▶ _What you have to do_
Look through the records below and copy each line that includes the word "cables".

▶ _Available data_
******************************

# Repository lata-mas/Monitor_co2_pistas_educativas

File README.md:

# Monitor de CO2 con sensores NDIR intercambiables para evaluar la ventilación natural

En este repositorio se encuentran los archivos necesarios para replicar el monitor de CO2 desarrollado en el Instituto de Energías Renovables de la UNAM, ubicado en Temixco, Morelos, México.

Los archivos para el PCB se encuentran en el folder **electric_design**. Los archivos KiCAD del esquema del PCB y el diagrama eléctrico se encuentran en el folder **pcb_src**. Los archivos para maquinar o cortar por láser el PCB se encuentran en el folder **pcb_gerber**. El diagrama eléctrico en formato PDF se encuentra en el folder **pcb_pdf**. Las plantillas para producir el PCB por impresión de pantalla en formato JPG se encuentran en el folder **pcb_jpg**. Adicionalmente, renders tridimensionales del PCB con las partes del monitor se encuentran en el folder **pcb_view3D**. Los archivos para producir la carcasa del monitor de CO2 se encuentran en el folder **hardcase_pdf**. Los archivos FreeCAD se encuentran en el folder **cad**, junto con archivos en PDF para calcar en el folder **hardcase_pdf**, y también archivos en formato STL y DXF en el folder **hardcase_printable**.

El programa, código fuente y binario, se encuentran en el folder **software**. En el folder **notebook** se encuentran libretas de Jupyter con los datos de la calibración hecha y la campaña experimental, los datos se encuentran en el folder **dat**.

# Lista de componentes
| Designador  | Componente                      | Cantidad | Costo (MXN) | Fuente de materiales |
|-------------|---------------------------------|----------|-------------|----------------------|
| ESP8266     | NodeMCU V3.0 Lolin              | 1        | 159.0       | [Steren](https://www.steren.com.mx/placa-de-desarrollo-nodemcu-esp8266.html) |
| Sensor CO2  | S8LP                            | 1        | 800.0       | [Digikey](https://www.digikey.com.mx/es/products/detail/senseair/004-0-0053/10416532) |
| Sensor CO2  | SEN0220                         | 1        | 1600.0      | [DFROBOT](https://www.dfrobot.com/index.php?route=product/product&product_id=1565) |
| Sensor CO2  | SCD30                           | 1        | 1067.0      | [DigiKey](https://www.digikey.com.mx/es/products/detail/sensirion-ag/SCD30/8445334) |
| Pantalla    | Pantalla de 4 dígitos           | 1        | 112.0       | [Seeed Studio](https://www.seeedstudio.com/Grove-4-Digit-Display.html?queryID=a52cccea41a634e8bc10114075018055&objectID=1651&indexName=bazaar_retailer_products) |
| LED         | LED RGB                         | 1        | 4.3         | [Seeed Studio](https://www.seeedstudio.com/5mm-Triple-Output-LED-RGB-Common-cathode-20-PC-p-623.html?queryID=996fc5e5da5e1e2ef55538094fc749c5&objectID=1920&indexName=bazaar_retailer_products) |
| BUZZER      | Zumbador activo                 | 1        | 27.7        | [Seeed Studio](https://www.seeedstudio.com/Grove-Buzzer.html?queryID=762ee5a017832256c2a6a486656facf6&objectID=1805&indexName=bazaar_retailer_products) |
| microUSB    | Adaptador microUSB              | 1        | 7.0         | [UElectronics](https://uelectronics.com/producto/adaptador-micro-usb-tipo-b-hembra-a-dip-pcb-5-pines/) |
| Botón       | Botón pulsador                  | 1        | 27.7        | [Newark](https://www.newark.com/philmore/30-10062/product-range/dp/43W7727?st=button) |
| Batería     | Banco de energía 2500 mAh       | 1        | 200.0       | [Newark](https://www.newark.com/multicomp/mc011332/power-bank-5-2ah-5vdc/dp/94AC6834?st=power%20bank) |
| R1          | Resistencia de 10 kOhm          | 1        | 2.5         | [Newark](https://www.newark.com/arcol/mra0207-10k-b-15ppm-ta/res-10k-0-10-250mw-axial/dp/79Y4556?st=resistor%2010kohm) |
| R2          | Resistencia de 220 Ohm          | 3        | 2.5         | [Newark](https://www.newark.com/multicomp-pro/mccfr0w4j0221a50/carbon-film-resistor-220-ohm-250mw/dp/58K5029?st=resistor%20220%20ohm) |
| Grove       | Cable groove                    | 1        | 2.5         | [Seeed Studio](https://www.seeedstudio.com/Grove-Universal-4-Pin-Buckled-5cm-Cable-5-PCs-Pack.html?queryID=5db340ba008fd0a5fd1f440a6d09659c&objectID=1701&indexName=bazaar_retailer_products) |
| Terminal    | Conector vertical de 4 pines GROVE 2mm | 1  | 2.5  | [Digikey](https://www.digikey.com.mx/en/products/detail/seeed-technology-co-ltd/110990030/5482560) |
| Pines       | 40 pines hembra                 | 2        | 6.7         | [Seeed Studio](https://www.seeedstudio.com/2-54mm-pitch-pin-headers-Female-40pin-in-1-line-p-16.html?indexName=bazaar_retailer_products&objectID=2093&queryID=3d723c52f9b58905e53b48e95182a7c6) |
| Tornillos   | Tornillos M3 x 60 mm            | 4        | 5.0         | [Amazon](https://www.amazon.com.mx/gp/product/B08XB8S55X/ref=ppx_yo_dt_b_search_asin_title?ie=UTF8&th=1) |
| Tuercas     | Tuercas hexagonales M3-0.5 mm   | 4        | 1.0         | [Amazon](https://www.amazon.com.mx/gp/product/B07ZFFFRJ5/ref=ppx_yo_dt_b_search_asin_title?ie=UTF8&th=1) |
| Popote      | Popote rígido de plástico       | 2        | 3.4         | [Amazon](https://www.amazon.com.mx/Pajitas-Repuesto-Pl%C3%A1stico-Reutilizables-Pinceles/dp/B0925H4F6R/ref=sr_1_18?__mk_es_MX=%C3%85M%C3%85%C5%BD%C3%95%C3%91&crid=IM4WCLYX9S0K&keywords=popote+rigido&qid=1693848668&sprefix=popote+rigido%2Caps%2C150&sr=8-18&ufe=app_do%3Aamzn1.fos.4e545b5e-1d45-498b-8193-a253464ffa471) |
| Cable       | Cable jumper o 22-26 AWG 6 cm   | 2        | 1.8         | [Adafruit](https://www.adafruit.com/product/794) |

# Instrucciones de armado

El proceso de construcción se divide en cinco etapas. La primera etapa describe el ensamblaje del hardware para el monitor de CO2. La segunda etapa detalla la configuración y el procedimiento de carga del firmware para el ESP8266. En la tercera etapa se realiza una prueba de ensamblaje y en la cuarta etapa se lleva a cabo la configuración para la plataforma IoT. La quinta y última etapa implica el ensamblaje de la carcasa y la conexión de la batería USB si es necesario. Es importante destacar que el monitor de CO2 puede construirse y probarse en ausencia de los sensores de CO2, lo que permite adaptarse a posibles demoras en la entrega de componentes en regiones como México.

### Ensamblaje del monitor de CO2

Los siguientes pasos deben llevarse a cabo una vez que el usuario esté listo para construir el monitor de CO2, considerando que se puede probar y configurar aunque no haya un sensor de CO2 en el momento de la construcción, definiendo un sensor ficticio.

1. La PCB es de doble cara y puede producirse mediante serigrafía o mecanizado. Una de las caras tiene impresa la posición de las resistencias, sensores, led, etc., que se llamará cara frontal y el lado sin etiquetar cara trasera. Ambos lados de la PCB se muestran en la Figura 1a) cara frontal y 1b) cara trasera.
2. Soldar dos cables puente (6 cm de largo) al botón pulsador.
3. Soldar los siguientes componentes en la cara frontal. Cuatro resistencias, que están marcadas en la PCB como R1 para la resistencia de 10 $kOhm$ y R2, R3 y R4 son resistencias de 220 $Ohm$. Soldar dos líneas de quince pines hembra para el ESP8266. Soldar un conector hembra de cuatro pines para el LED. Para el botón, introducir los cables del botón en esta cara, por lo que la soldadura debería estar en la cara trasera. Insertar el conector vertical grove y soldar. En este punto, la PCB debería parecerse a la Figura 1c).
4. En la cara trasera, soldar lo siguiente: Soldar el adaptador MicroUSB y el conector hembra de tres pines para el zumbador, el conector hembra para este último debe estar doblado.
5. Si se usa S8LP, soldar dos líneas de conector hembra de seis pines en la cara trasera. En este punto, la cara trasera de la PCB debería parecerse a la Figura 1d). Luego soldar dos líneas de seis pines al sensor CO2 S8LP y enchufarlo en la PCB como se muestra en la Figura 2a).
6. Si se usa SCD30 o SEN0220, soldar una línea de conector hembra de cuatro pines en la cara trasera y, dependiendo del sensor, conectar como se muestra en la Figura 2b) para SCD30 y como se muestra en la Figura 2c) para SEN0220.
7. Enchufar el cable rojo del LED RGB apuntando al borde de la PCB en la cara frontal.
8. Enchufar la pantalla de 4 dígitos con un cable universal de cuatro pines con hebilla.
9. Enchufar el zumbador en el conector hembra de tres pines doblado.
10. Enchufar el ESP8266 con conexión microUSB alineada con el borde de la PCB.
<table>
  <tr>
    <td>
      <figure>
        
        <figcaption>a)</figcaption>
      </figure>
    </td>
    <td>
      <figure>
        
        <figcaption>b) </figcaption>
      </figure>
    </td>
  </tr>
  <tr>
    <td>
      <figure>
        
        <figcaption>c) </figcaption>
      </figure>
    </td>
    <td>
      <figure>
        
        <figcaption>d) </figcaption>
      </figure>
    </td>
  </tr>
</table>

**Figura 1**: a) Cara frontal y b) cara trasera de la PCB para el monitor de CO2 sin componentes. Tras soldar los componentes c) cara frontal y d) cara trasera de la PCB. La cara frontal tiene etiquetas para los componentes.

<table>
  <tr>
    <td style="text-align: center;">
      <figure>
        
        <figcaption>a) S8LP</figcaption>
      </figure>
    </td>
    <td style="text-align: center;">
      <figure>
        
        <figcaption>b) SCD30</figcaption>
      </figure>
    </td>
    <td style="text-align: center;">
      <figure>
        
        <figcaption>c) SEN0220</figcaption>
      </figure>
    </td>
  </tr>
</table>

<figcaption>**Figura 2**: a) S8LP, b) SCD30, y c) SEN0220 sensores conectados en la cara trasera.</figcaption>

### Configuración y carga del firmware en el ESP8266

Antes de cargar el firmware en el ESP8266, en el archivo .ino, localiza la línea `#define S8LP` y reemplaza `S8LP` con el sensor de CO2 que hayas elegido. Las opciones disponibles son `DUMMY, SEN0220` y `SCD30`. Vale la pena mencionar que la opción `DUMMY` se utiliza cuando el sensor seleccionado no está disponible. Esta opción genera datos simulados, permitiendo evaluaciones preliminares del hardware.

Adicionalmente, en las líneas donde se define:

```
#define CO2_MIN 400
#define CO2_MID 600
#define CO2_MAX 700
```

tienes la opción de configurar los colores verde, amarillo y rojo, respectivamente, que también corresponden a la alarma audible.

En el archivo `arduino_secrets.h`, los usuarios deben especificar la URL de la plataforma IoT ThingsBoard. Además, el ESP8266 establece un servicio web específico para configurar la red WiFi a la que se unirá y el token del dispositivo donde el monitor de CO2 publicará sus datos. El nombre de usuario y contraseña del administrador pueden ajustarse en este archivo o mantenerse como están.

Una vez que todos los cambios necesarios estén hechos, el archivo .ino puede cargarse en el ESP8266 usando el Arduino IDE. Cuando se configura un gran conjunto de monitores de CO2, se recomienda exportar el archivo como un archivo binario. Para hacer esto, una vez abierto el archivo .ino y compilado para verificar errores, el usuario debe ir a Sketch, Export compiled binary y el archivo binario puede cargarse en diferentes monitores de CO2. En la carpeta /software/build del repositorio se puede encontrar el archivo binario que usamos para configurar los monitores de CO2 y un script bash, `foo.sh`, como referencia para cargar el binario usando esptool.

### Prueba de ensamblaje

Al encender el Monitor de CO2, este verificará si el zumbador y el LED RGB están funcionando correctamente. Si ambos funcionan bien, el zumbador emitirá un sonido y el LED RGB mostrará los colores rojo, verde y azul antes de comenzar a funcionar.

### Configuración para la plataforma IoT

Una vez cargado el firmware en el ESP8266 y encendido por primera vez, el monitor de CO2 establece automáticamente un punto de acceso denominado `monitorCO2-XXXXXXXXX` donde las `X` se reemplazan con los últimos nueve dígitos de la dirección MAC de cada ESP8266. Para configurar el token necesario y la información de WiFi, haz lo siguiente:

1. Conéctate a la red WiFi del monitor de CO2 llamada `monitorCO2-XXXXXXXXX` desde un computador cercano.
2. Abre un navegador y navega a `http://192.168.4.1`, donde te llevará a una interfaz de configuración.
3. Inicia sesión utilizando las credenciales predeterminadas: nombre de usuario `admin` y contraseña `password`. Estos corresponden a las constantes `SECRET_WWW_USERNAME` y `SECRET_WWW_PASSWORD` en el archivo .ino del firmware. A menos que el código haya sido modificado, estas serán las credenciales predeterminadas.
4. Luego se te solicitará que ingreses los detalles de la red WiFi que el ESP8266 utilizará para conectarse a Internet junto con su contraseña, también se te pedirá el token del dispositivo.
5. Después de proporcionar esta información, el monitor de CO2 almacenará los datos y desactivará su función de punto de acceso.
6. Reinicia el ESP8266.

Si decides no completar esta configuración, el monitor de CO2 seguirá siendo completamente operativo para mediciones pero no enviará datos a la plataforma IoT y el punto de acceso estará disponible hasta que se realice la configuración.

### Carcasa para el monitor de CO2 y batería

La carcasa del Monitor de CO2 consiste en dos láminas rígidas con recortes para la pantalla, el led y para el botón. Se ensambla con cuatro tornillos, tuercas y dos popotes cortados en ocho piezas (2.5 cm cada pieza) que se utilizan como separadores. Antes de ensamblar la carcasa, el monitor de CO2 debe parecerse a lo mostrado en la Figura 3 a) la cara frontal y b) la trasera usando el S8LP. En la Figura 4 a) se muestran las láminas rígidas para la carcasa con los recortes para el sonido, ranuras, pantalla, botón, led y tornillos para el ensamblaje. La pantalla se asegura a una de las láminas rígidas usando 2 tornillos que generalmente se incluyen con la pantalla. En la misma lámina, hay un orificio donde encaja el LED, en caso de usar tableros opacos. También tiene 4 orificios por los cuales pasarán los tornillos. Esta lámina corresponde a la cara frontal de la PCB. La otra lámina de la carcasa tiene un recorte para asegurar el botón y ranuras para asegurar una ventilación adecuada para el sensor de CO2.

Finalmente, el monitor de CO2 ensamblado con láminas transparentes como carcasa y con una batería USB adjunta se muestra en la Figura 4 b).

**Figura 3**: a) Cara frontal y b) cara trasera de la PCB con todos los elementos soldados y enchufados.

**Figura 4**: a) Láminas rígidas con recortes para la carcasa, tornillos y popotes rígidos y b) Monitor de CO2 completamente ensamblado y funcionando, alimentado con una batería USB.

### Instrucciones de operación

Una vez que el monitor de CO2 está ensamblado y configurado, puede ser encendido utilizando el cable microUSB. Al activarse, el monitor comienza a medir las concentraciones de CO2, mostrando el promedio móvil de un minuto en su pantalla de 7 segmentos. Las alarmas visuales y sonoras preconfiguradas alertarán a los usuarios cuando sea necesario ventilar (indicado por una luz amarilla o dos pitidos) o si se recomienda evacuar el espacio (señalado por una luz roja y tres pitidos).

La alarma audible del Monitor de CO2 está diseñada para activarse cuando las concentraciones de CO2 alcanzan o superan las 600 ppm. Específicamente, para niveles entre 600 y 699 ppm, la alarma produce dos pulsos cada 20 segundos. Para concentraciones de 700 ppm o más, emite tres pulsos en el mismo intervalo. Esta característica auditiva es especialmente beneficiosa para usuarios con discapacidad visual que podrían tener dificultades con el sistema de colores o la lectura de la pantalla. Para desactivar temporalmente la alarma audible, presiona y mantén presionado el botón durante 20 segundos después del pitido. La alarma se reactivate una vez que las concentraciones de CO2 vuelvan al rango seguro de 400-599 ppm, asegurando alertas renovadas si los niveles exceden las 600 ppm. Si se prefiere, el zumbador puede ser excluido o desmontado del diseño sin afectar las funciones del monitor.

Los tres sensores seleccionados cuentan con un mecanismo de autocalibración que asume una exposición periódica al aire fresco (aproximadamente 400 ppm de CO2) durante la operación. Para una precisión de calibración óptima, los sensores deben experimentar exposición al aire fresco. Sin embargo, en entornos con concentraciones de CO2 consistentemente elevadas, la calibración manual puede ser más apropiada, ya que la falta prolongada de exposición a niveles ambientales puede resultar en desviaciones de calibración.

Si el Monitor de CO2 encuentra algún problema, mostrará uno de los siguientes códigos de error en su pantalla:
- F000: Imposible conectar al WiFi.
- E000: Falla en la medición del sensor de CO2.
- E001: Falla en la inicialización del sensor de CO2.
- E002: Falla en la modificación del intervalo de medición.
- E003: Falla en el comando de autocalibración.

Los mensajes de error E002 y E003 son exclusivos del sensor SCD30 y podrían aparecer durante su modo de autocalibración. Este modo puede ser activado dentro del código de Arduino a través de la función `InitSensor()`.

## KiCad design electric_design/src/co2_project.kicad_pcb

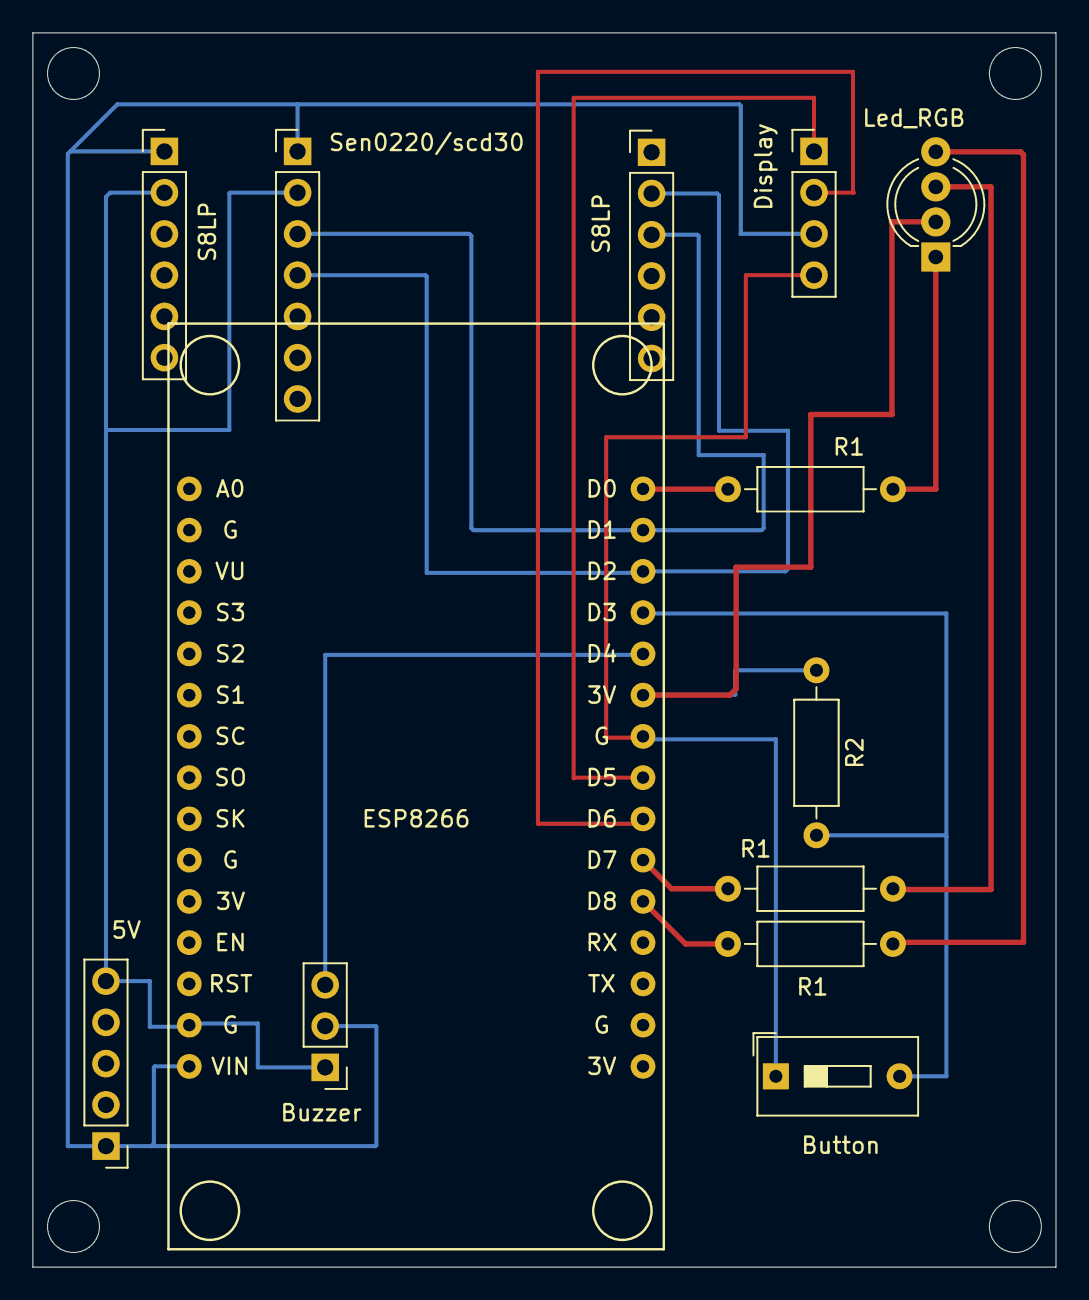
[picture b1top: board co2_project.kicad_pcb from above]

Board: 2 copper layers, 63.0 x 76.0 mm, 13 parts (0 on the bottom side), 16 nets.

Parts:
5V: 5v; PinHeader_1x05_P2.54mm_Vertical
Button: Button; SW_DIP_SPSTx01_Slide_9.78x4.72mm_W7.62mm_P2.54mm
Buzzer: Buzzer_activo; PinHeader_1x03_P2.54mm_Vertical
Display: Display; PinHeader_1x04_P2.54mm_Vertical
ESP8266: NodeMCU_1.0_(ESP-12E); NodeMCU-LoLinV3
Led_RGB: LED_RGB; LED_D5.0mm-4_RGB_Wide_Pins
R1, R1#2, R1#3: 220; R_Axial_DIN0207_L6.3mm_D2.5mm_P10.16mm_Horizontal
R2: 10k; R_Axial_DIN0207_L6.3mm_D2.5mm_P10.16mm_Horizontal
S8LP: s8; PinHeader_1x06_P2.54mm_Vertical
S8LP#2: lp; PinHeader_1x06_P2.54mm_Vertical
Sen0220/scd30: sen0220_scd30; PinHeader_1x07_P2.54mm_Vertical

******************************

▶ _Output_
2. Soldar dos cables puente (6 cm de largo) al botón pulsador.
3. Soldar los siguientes componentes en la cara frontal. Cuatro resistencias, que están marcadas en la PCB como R1 para la resistencia de 10 $kOhm$ y R2, R3 y R4 son resistencias de 220 $Ohm$. Soldar dos líneas de quince pines hembra para el ESP8266. Soldar un conector hembra de cuatro pines para el LED. Para el botón, introducir los cables del botón en esta cara, por lo que la soldadura debería estar en la cara trasera. Insertar el conector vertical grove y soldar. En este punto, la PCB debería parecerse a la Figura 1c).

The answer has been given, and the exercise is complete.